As portas do apartamento onde o cientista estava eram guardadas por quatro pessoas em roupas civis. Quando os jornalistas tentaram entrar, eles foram parados e perguntados - por que eles pensaram que Ele estava aqui? Eles não conseguiram entrar. O New York Times não conseguiu descobrir quem eram as pessoas à paisana - se eram parentes da polícia municipal ou de outra organização. O pessoal da universidade se recusou a comentar a situação em torno do cientista e das pessoas geneticamente modificadas.

Após essa publicação, ficou claro que Ele está vivo e pode se comunicar com sua família - na mesma varanda, jornalistas filmaram a esposa do cientista e seu filho.

21 de janeiro de 2019

A Agência de Notícias Xinhua da China publica o comentário oficial de um funcionário do governo na província de Guangdong, onde está localizada a Universidade de Shenzhen. "O pesquisador chinês He Jiangkui desafiou as proibições do governo e conduziu pesquisas para obter fama e benefícios pessoais."

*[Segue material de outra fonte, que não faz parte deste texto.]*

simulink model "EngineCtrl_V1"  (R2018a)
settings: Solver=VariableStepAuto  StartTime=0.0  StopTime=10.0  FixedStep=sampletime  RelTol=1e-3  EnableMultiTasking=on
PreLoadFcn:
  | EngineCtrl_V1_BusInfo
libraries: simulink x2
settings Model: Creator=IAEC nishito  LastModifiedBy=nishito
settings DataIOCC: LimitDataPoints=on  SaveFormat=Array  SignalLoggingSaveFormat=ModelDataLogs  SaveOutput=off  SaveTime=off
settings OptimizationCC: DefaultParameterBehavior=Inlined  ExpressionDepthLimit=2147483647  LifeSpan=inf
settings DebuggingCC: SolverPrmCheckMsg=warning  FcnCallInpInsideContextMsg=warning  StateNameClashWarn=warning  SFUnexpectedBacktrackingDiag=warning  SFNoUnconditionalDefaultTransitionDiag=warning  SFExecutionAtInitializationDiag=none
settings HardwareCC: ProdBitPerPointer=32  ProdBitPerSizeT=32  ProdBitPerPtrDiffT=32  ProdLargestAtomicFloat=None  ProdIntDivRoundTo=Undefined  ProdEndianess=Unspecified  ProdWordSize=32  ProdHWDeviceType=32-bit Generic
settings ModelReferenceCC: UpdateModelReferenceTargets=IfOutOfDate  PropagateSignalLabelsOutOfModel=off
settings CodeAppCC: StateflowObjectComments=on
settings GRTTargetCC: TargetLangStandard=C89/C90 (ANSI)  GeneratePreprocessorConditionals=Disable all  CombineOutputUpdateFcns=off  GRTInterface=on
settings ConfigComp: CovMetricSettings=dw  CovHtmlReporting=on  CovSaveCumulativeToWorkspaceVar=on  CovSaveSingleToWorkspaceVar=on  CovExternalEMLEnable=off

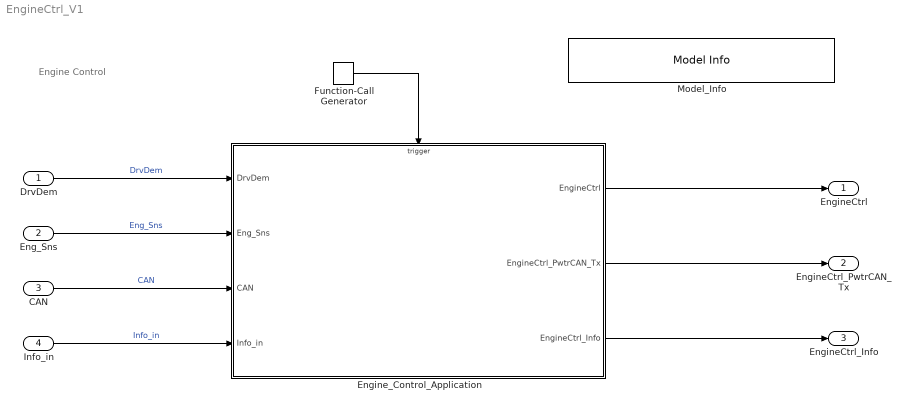
== system EngineCtrl_V1 ==
  note: Engine Control
  DrvDem : Inport  OutDataTypeStr=Bus: Driver_demand_Bus
      settings: AttributesFormatString=%<OutDataTypeStr>
  Eng_Sns : Inport  Port=2  OutDataTypeStr=Bus: Engine_sensor_Bus
      settings: AttributesFormatString=%<OutDataTypeStr>
  CAN : Inport  Port=3  OutDataTypeStr=Bus: CAN_Bus
      settings: AttributesFormatString=<%<OutDataTypeStr>>
  Info_in : Inport  Port=4  OutDataTypeStr=Bus: EngineCtrl_Info_in_Bus
      settings: AttributesFormatString=%<OutDataTypeStr>
  Engine_Control_Application : Subsystem
  Function-Call Generator : simulink/Ports & Subsystems/Function-Call Generator  sample_time=0.01  numberOfIterations=1
      settings: AttributesFormatString=<sample_time=%<sample_time>>
  Model_Info : simulink/Model-Wide Utilities/Model Info  Frame=on  DisplayStringWithTags=|  HorizontalTextAlignment=Left  LeftAlignmentValue=0.02
      | Version  %<ModelVersion>
      | LastModifided by %<LastModifiedBy>  Date %<LastModificationDate>
      | Description  %<Description>
  EngineCtrl : Outport  OutDataTypeStr=Bus: EngineCtrl_Bus
      settings: AttributesFormatString=<%<OutDataTypeStr>>
  EngineCtrl_PwtrCAN_Tx : Outport  Port=2  OutDataTypeStr=Bus: EngineCtrl_PwtrCAN_Tx_Bus
      settings: AttributesFormatString=<%<OutDataTypeStr>>
  EngineCtrl_Info : Outport  Port=3  OutDataTypeStr=Bus: EngineCtrl_Info_Bus
      settings: AttributesFormatString=<%<OutDataTypeStr>>
  wires:
  CAN/1 -> Engine_Control_Application/3(CAN)  "CAN"
  DrvDem/1 -> Engine_Control_Application/1(DrvDem)  "DrvDem"
  Eng_Sns/1 -> Engine_Control_Application/2(Eng_Sns)  "Eng_Sns"
  Function-Call Generator/1 -> Engine_Control_Application/Trigger
  Engine_Control_Application/2(EngineCtrl_PwtrCAN_Tx) -> EngineCtrl_PwtrCAN_Tx/1
  Engine_Control_Application/1(EngineCtrl) -> EngineCtrl/1
  Engine_Control_Application/3(EngineCtrl_Info) -> EngineCtrl_Info/1
  Info_in/1 -> Engine_Control_Application/4(Info_in)  "Info_in"

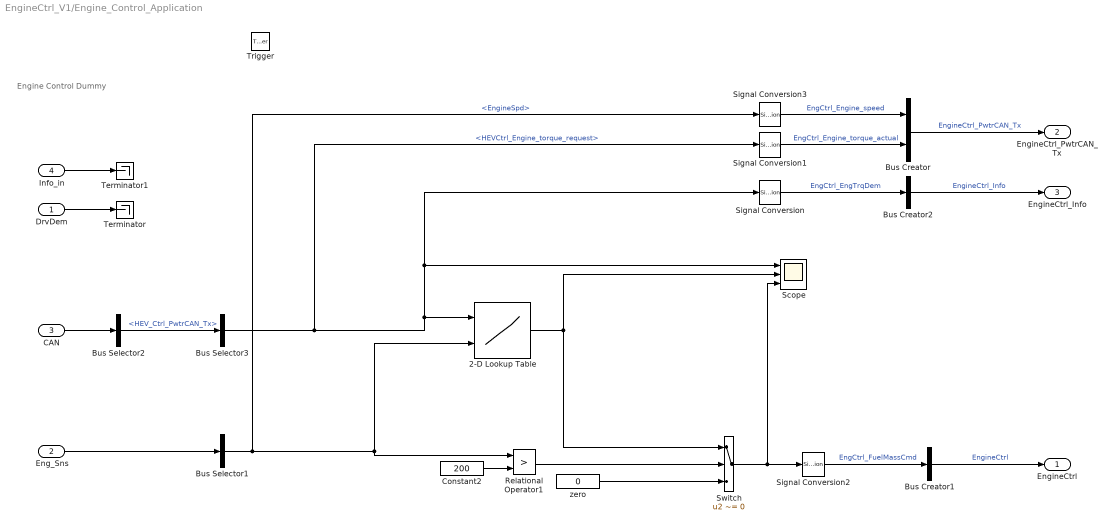
== system EngineCtrl_V1/Engine_Control_Application ==
  note: Engine Control Dummy
  DrvDem : Inport
  Eng_Sns : Inport  Port=2
  CAN : Inport  Port=3
  Info_in : Inport  Port=4
  Trigger : TriggerPort  TriggerType=function-call  VariantControl=Variant  PortDimensions=1
  2-D Lookup Table : Lookup_n-D  BreakpointsForDimension1=[0 400]  BreakpointsForDimension2=[0 200 600 1000]  Table=[0 10 0 0; 70 70 70 70]  InternalRulePriority=Speed  RndMeth=Simplest  InputSameDT=on
  Bus Creator : BusCreator  Inputs=2  OutDataTypeStr=Bus: EngineCtrl_PwtrCAN_Tx_Bus
      settings: AttributesFormatString=%<OutDataTypeStr>
  Bus Creator1 : BusCreator  Inputs=1  OutDataTypeStr=Bus: EngineCtrl_Bus
      settings: AttributesFormatString=%<OutDataTypeStr>
  Bus Creator2 : BusCreator  Inputs=1  OutDataTypeStr=Bus: EngineCtrl_Info_Bus
      settings: AttributesFormatString=%<OutDataTypeStr>
  Bus Selector1 : BusSelector  OutputSignals=EngineSpd
  Bus Selector2 : BusSelector  OutputSignals=PwtrCAN.HEV_Ctrl_PwtrCAN_Tx
  Bus Selector3 : BusSelector  OutputSignals=HEVCtrl_Engine_torque_request
  Constant2 : Constant  Value=200
  Relational Operator1 : RelationalOperator  Operator=>  OutDataTypeStr=boolean  RndMeth=Nearest
  Scope : Scope  NumInputPorts=3
  Signal Conversion{,1..3} (4 alike) : SignalConversion  OverrideOpt=off
  Switch : Switch  Criteria=u2 ~= 0  Threshold=0.5  SaturateOnIntegerOverflow=on
      settings: AttributesFormatString=<%<Criteria>>
  Terminator : Terminator
  Terminator1 : Terminator
  zero : Constant  Value=0
  EngineCtrl : Outport
  EngineCtrl_PwtrCAN_Tx : Outport  Port=2
  EngineCtrl_Info : Outport  Port=3
  wires:
  DrvDem/1 -> Terminator/1
  CAN/1 -> Bus Selector2/1
  Eng_Sns/1 -> Bus Selector1/1
  Bus Creator/1 -> EngineCtrl_PwtrCAN_Tx/1  "EngineCtrl_PwtrCAN_Tx"
  Bus Creator1/1 -> EngineCtrl/1  "EngineCtrl"
  Bus Creator2/1 -> EngineCtrl_Info/1  "EngineCtrl_Info"
  2-D Lookup Table/1 -> Switch/1, Scope/2
  Switch/1 -> Scope/3, Signal Conversion2/1
  zero/1 -> Switch/3
  Signal Conversion/1 -> Bus Creator2/1  "EngCtrl_EngTrqDem"
  Signal Conversion1/1 -> Bus Creator/2  "EngCtrl_Engine_torque_actual"
  Signal Conversion2/1 -> Bus Creator1/1  "EngCtrl_FuelMassCmd"
  Constant2/1 -> Relational Operator1/2
  Relational Operator1/1 -> Switch/2
  Bus Selector2/1 -> Bus Selector3/1  "<HEV_Ctrl_PwtrCAN_Tx>"
  Bus Selector1/1 -> Signal Conversion3/1, 2-D Lookup Table/2, Relational Operator1/1  "<EngineSpd>"
  Bus Selector3/1 -> Signal Conversion1/1, 2-D Lookup Table/1, Signal Conversion/1, Scope/1  "<HEVCtrl_Engine_torque_request>"
  Signal Conversion3/1 -> Bus Creator/1  "EngCtrl_Engine_speed"
  Info_in/1 -> Terminator1/1

O cientista foi acusado de falsificar o certificado de controle ético, que apresentou aos participantes do experimento e aos seus funcionários, enganando-os. “Ele e outros funcionários e organizações associadas ao experimento serão punidos de acordo com a lei. Os suspeitos de cometer crimes serão presos”. Lulu e Nana, bem como outra mulher carregando uma criança com o DNA editado, estão sob constante supervisão médica, disse o comunicado oficial.

Fevereiro de 2019

Depois que Lulu e Nana nasceram, a mutação CCR5delta32 que Ele introduziu em seu DNA atraiu a atenção do público. Em 2016, em experimentos com ratos, os cientistas descobriram que essa mutação afeta o funcionamento do hipocampo, melhorando significativamente a memória. Na Segunda Cúpula de Edição do Genoma Humano em Hong Kong, os cientistas perguntaram a Ele se ele sabia sobre os efeitos do CCR5delta32 no cérebro. O cientista chinês respondeu que conhecia o estudo, mas não havia dados suficientes.

Os portadores da mutação CCR5delta32 têm uma chance melhor de se recuperar de um derrame do que as pessoas comuns. O CCR5 é o primeiro gene para o qual podemos afirmar com segurança que sua alteração afeta o funcionamento do cérebro.

Hoje, essa mutação é um conjunto de vantagens sólidas: dá imunidade ao HIV, melhora a memória e a capacidade de aprendizagem e ajuda a se recuperar mais rapidamente após um derrame ou lesão cerebral traumática. A única desvantagem conhecida no momento é uma diminuição na resistência do corpo à febre do Nilo Ocidental, mas essa doença é bastante rara. O único problema é que nenhum geneticista pode confirmar que uma mutação criada artificialmente não acarreta nenhum outro risco e não provoca mudanças imprevisíveis no corpo humano.

Em março, Feng Zhang, Emmanuelle Charpentier e 16 outros geneticistas pediram uma moratória mundial de cinco anos sobre o uso da edição genética de embriões humanos para produzir humanos modificados. Os cientistas buscarão o apoio de vários países para a moratória.

Enquanto isso, sob o vídeo "Lulu e Nana: gêmeos nasceram saudáveis após cirurgia genética", mais de 2.500 comentários. “O trailer da sequência de Gattaca parece ótimo”, escreveu um comentarista (Gattaca é um filme distópico de 1997 sobre uma sociedade geneticamente modificada). “Estou encantado, mas estou com tanto medo”, escreve outro. “Você acabou de abrir a caixa de Pandora”, escreve um terceiro.

Sobre o futuro destino do cientista He Jiangkui, bem como sobre como as vidas de Mark e Grace se desenvolveram, nada se sabe - e é improvável que o mundo aprenderá algo novo em um futuro próximo. Em algum lugar da China, sob a supervisão de médicos e cientistas, Lulu e Nana estão crescendo - as primeiras crianças na história a nascer de embriões editados por humanos. E não há como prever como seu corpo reagirá à intervenção de geneticistas.